Statistical analysis

Differences in maximum amplitudes of ANT-RPs between groups, or in mean signal amplitudes within intervals of interest; DSM scores for ADHD diagnosis (inattention, hyperactivity+impulsivity, and total) as well as ACs, RTs, IVRTs were inferred using tests for independent samples. According to the analysis of normality (Shapiro-Wilk test) and homogeneity of variance (Levene Test), we decided to use either parametric (Student t-test) or non-parametric tests (Mann-Whitney U Test), adopting α = 0.05. To evaluate whether the ADHD and TD groups are different as a whole, regarding the parietal P3 wave and the asymmetries in O2-O1 and C4-C3, we corrected p-values using the FDR method of Benjamini-Hochberg.

To study correlations between variables, we sometimes grouped all 39 subjects without considering an a priori diagnosis, and we sometimes considered the groups separately. In the first case, we used Pearson's Test, calculating the coefficient of correlation ('r'). For correlations considering the groups distinctively (ADHD, n = 19, and controls, n = 20), we used Spearman rank test to obtain their coefficient of correlation (ρ) assuming the non-normality of samples, a priori, because of the small size of the groups. We defined the effect size of correlations according to the following intervals between coefficient values: from 0.0 to 0.09—no correlation; from 0.11 to 0.30—weak correlation; from 0.31 to 0.50—moderate; > 0.50 strong correlation [39]. When interpreting the results, we prioritized coefficient values over their p-values.

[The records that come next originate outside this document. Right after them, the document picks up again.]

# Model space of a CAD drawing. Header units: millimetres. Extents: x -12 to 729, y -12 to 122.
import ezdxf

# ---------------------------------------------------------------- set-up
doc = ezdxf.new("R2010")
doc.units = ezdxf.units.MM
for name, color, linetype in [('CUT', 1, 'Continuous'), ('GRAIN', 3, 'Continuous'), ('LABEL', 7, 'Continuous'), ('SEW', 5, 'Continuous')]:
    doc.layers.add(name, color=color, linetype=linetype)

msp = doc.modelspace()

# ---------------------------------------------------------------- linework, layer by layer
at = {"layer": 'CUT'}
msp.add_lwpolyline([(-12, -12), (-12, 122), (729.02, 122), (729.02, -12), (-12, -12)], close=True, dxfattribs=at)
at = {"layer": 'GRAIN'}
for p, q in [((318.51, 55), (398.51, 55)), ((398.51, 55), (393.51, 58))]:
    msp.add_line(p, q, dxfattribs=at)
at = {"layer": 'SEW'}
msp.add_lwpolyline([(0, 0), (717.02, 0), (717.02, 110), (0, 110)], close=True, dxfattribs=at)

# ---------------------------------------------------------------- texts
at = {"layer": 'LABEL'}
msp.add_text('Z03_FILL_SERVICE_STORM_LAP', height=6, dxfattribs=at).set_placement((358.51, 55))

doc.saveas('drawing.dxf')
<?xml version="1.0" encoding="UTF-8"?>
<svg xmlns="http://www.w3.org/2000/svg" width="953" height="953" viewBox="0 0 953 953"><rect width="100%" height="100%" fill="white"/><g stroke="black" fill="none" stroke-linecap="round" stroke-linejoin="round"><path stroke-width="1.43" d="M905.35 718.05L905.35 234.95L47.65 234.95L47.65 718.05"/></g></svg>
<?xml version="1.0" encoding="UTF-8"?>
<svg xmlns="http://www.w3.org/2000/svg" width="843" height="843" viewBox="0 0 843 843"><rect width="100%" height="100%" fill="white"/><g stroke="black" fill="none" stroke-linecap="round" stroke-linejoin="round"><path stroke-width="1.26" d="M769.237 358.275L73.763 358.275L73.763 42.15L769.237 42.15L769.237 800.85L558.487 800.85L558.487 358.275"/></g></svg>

To estimate significant statistical differences between hemispheres (Fig 3 and S1 Fig), as well as effects of attentional networks on asymmetries (Figs 4 and 5), we calculated these differences over time (point-to-point) set between a pair of signals (1550 ms before to 1000 ms after target onset). We tested the differences using the non-parametric Wilcoxon Rank Test for paired samples (within each group) in this scanning.

Fig 4 — Each wave is the respective interhemispheric difference (right minus left) of ANT-related potentials for No cue (NoCue, blue), Neutral cue (NtCue, black), and Spatial cue (red) conditions, in A and C, and for Congruent (blue) and Incongruent (black) target conditions, in B and D. Point-to-point statistical comparisons (FDR corrected) between consecutive conditions (NoCue x NtCue, NtCue x SpCue, congruent x incongruent, related to alerting, orienting, and executive networks, respectively). Control groups in A and B, ADHD groups in C and D. Amplitudes are normalized (positive values above abscissae). ‘NoCue x NtCue’–comparison that showed significant differences. See Fig 2 for channel labeling.

Fig 5 — Detail from Fig 4 highlighting the waves in anterior- (F8-F7) and mid-temporal (T4-T3) regions; grey background marks time windows where significant differences were found.

To minimize type-I errors, we adjusted p-values using the positive False Discovery Rate (FDR) correction method [40]. We graphically represented the results using red rhombs (corrected p ≤ 0.05) and blue rhombs (corrected p ≤ 0.01) for each position in time, on parallel abscissae (time axis) below the graphs of each wave pair (Figs 3, 4 and 5).

TIn the S1 Dataset, there is a MatLab/Octave structure with all waves obtained in this study. In the S2 Dataset, there are the tables with DSM, WISC and ANT scores, the data for confounding variables by subject, as well as the peak and mean amplitudes for P3 waves and asymmetries, respectively.

Results

Behavioral and psychological data

Among confounding and descriptor variables (Table 1), only estimated IQ was different between groups, with prevalence of the control group (109.4 ± 13.5) over ADHD (97.4 ± 12.5, p = 0.007). In the group with all 39 subjects, this variable had moderately negative correlation with the total DSM score (r = -0.35, p(r) = 0.026), as well as with the inattention score (r = -0.45, p(r) = 0.003), and it did not correlate with hyperactivity+impulsivity scores. DSM scores did not have any significant correlation with any other confounding variables (S1 Table).

Table 1. Comparisons between groups of DSM scores, confounder variables, and eficiencies of the attention networks.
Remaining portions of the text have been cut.